--- START ---

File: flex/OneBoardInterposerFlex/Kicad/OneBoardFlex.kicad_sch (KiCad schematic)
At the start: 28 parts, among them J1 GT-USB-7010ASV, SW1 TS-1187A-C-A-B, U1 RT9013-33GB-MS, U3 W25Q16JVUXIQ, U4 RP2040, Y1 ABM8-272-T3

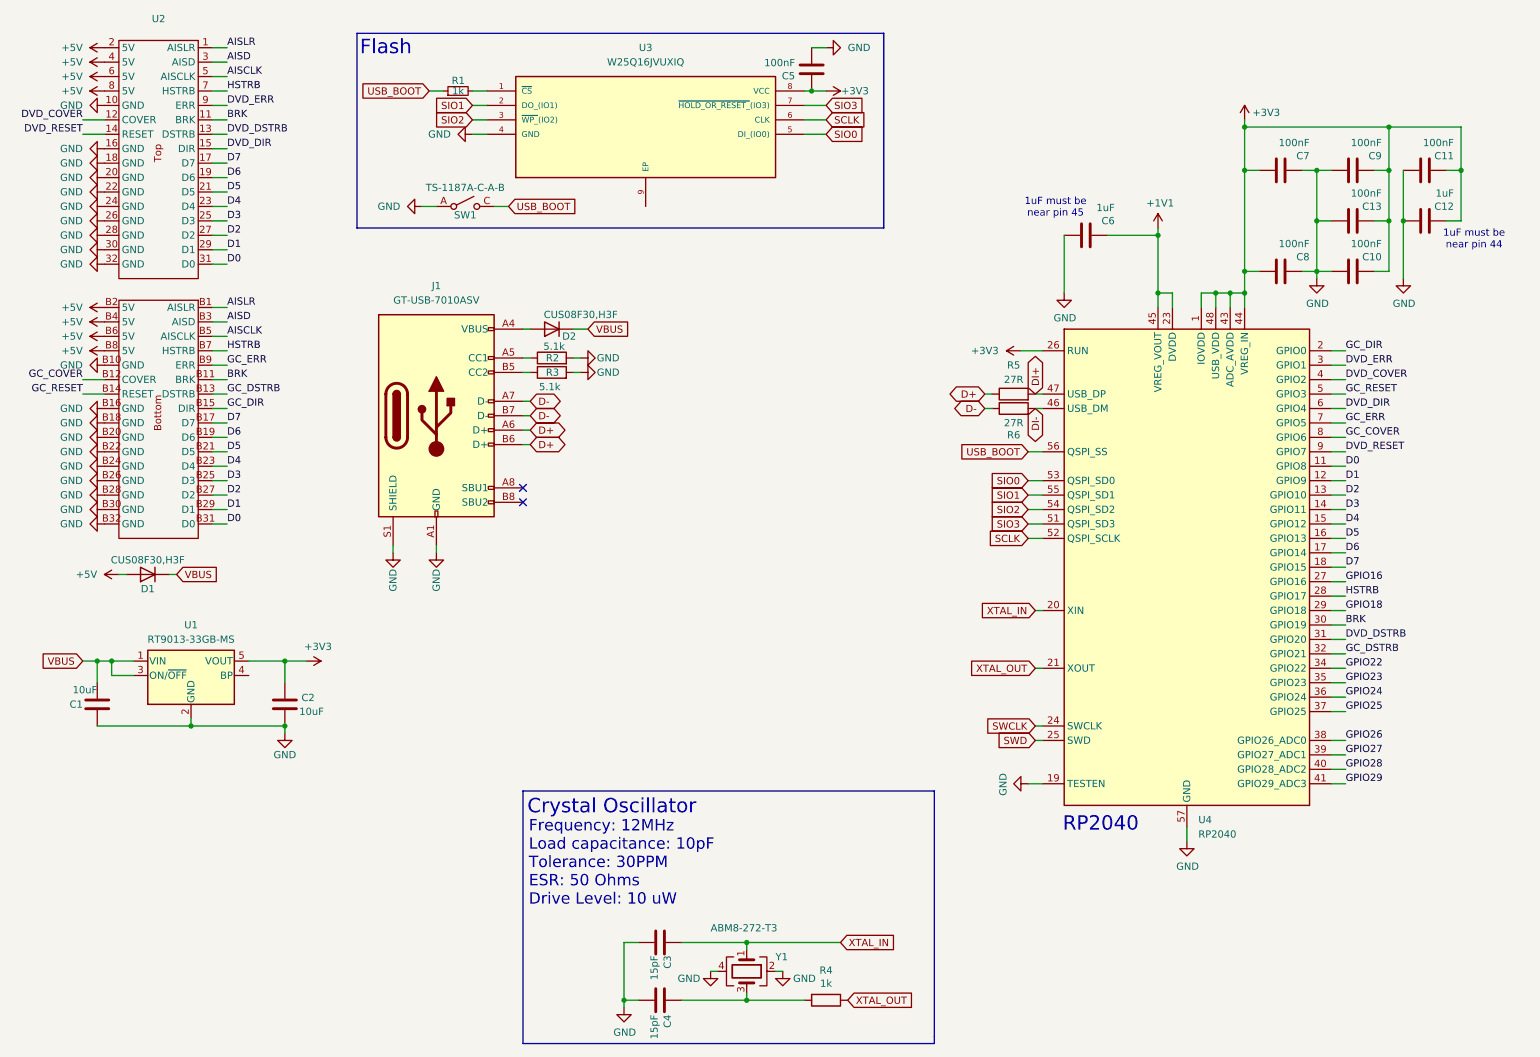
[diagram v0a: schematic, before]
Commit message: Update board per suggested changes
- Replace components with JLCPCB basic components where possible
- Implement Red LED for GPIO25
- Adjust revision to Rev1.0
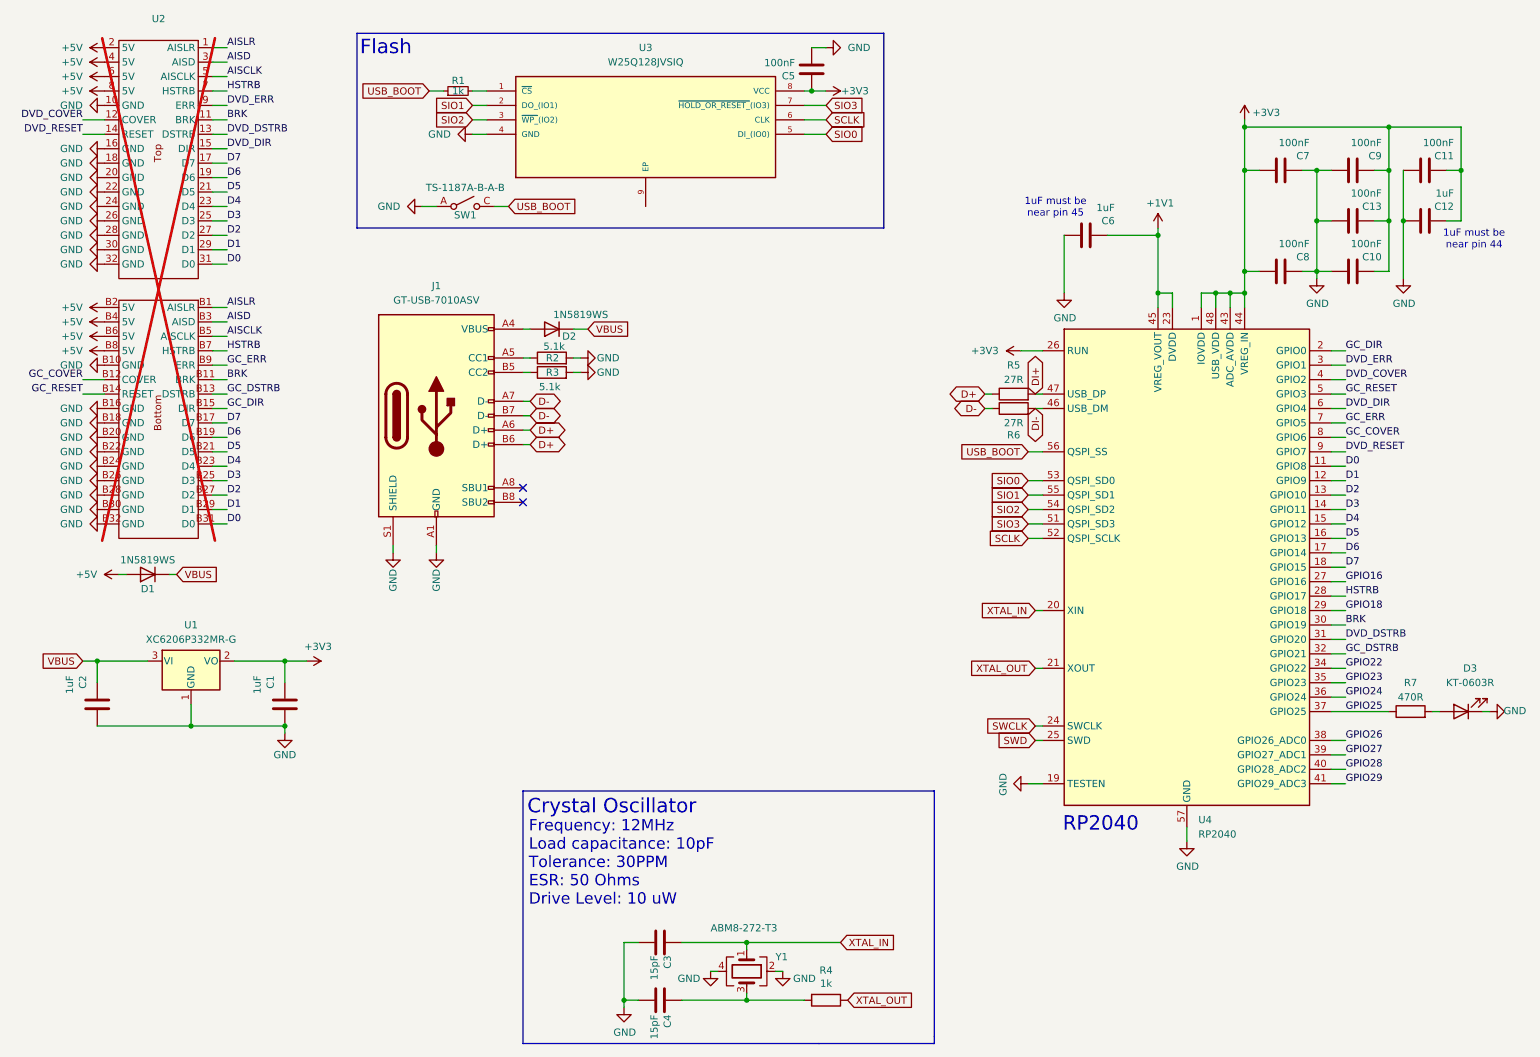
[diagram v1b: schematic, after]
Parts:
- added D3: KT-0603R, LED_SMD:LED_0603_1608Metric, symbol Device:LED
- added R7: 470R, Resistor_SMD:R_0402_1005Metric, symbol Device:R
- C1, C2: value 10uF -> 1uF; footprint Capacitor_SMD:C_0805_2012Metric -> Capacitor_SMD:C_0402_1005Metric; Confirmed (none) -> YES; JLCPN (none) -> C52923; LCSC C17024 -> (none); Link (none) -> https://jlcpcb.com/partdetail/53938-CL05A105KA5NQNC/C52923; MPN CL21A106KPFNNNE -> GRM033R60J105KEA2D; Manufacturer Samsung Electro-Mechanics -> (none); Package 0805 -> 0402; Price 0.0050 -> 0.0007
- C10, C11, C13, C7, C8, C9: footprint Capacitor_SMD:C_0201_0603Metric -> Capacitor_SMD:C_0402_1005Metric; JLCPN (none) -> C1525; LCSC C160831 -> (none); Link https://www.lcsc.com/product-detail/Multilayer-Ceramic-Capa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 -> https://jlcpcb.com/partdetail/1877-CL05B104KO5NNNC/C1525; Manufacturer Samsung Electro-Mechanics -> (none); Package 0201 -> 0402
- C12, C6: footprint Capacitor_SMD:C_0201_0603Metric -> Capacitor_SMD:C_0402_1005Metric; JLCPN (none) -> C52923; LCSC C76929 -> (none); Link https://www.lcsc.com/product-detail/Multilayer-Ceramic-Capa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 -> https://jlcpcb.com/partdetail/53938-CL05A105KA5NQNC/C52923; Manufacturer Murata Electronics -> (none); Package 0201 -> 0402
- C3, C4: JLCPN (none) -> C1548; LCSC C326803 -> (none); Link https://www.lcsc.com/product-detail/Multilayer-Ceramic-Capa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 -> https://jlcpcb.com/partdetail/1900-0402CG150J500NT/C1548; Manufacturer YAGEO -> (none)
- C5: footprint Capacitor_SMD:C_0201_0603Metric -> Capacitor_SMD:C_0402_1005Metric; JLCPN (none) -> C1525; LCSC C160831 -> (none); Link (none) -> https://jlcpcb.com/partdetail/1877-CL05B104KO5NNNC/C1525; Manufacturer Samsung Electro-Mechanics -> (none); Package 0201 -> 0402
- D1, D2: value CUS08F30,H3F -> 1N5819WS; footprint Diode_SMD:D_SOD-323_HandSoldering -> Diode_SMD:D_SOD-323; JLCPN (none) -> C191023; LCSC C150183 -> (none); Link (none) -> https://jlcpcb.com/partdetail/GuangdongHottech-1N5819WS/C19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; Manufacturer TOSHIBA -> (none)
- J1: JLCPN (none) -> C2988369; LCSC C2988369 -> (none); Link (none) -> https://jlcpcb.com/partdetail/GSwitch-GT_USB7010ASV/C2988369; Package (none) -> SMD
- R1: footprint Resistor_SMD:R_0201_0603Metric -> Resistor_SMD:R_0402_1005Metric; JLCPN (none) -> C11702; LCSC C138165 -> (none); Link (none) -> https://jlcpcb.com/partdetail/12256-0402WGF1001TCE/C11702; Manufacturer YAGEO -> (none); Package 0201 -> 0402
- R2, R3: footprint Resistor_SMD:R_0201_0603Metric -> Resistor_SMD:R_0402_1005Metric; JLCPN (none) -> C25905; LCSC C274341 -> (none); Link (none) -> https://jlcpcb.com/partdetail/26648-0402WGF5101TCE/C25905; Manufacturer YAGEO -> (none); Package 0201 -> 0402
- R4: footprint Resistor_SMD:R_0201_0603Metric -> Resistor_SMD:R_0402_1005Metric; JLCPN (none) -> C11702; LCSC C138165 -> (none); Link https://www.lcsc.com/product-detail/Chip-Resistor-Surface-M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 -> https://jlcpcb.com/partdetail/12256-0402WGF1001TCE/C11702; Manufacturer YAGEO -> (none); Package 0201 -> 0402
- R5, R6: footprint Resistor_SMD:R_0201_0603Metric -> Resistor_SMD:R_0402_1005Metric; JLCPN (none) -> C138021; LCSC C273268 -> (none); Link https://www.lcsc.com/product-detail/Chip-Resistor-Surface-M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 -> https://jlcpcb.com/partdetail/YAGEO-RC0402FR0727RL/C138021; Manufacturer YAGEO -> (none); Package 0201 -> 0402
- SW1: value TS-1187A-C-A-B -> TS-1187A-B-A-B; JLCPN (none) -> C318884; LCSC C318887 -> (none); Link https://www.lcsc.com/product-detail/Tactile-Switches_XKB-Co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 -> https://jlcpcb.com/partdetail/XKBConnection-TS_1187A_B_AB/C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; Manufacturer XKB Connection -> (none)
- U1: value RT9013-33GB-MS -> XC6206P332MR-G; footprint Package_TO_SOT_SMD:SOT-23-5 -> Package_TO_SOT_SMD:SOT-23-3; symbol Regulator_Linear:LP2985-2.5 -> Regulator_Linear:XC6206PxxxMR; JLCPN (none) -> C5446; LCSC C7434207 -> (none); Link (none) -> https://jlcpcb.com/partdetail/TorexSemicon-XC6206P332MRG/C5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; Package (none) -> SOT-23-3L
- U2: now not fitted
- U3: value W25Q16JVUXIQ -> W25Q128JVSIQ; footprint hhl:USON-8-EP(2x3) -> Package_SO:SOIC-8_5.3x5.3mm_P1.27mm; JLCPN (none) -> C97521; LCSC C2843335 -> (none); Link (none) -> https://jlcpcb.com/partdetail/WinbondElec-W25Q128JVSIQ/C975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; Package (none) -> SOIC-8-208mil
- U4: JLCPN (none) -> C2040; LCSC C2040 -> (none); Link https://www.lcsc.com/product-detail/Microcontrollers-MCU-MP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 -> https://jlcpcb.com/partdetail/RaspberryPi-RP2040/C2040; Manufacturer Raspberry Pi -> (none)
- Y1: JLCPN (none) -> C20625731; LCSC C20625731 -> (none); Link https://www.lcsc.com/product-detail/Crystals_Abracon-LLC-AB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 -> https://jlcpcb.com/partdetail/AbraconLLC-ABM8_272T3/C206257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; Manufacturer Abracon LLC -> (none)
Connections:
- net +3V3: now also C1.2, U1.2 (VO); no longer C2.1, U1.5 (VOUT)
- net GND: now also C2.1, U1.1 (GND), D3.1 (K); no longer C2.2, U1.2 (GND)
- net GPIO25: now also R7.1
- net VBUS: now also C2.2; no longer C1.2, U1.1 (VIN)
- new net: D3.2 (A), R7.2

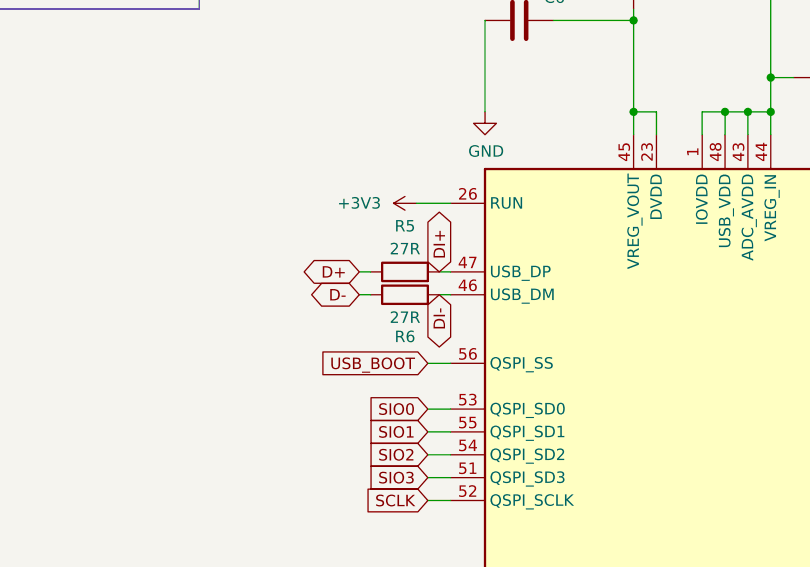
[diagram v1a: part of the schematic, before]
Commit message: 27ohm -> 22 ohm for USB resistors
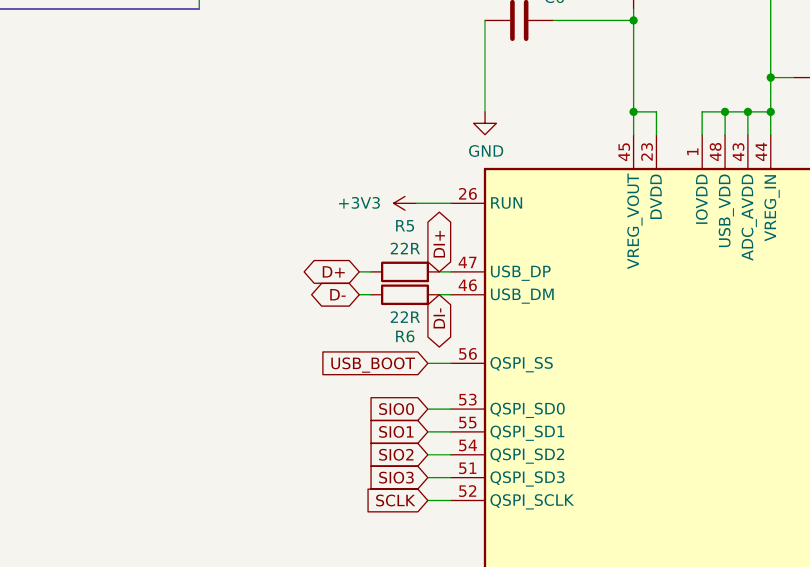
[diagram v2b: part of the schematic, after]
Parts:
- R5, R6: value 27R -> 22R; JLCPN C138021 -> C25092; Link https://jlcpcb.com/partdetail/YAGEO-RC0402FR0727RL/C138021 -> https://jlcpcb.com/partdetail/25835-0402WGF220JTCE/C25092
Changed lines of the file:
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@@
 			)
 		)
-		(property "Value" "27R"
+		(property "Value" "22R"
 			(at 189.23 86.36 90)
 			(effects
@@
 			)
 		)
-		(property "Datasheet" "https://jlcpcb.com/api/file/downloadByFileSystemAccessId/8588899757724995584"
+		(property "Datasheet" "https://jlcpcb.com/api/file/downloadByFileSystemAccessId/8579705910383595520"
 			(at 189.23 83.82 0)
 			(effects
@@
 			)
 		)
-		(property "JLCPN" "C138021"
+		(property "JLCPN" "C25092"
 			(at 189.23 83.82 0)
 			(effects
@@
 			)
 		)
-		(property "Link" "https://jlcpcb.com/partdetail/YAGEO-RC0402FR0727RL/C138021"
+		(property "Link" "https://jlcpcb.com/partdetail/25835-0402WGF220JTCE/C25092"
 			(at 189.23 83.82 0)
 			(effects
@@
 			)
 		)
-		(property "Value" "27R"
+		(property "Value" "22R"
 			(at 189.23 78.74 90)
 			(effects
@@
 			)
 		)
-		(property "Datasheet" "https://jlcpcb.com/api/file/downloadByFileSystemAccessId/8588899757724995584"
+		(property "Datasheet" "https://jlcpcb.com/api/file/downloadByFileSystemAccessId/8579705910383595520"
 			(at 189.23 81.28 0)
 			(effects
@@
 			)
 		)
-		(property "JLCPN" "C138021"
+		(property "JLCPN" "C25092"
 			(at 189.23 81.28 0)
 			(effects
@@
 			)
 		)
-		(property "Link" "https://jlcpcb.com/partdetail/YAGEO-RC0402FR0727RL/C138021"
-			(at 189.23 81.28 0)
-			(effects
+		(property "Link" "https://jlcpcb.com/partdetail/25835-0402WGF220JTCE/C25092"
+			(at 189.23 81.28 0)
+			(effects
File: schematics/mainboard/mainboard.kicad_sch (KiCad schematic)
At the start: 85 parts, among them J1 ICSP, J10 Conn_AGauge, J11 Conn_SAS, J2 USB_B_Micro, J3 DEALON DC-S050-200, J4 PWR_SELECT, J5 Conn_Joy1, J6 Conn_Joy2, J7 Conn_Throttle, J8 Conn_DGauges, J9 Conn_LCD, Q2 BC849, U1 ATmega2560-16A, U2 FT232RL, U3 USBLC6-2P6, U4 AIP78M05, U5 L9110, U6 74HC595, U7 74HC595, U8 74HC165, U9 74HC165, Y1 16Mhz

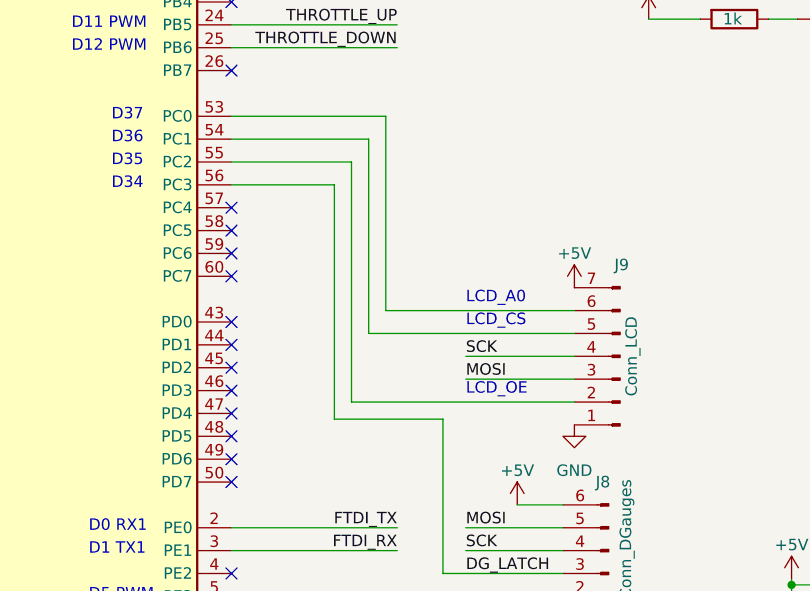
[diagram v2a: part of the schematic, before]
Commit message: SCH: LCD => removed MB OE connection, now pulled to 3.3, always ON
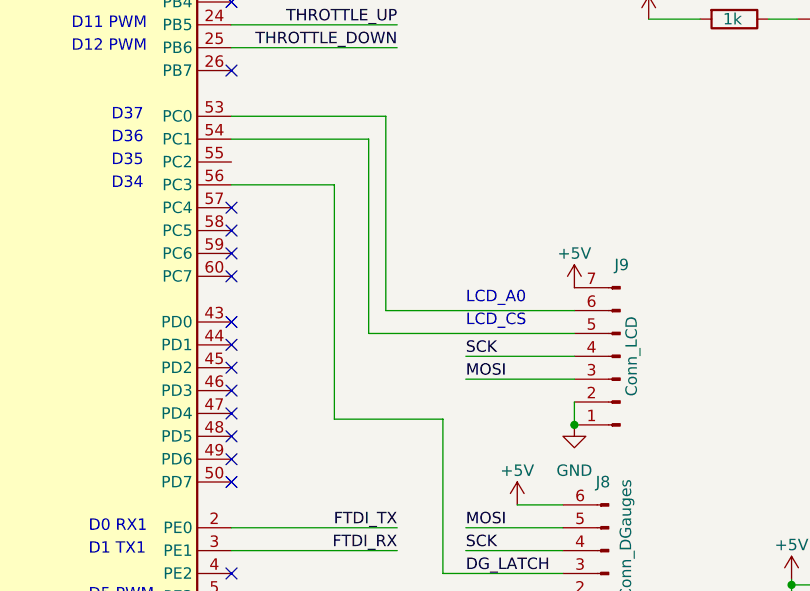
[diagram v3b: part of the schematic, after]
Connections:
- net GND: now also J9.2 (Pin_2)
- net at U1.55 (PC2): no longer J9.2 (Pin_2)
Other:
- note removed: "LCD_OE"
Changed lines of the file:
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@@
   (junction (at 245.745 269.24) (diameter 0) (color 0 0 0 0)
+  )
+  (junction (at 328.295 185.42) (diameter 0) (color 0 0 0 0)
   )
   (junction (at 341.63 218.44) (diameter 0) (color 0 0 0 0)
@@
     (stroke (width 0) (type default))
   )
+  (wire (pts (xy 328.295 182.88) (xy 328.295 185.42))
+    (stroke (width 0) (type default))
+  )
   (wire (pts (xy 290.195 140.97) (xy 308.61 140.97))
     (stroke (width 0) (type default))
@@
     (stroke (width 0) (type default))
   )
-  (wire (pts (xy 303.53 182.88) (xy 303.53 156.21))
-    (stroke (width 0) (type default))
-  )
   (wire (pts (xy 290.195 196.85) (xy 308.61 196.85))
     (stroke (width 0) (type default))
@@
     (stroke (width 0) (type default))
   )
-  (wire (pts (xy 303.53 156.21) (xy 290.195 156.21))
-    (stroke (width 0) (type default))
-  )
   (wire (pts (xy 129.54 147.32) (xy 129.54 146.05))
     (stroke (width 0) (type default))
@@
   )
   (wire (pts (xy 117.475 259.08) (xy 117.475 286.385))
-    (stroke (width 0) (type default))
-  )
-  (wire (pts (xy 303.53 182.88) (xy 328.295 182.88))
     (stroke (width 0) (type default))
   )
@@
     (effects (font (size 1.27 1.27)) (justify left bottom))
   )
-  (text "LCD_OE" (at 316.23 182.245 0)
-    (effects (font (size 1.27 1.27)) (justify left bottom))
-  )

--- END ---

Copy all lines of the records in which the string "bottom" can be found.

> **ANSWER TO THIS TASK**:
     (effects (font (size 1.27 1.27)) (justify left bottom))
-    (effects (font (size 1.27 1.27)) (justify left bottom))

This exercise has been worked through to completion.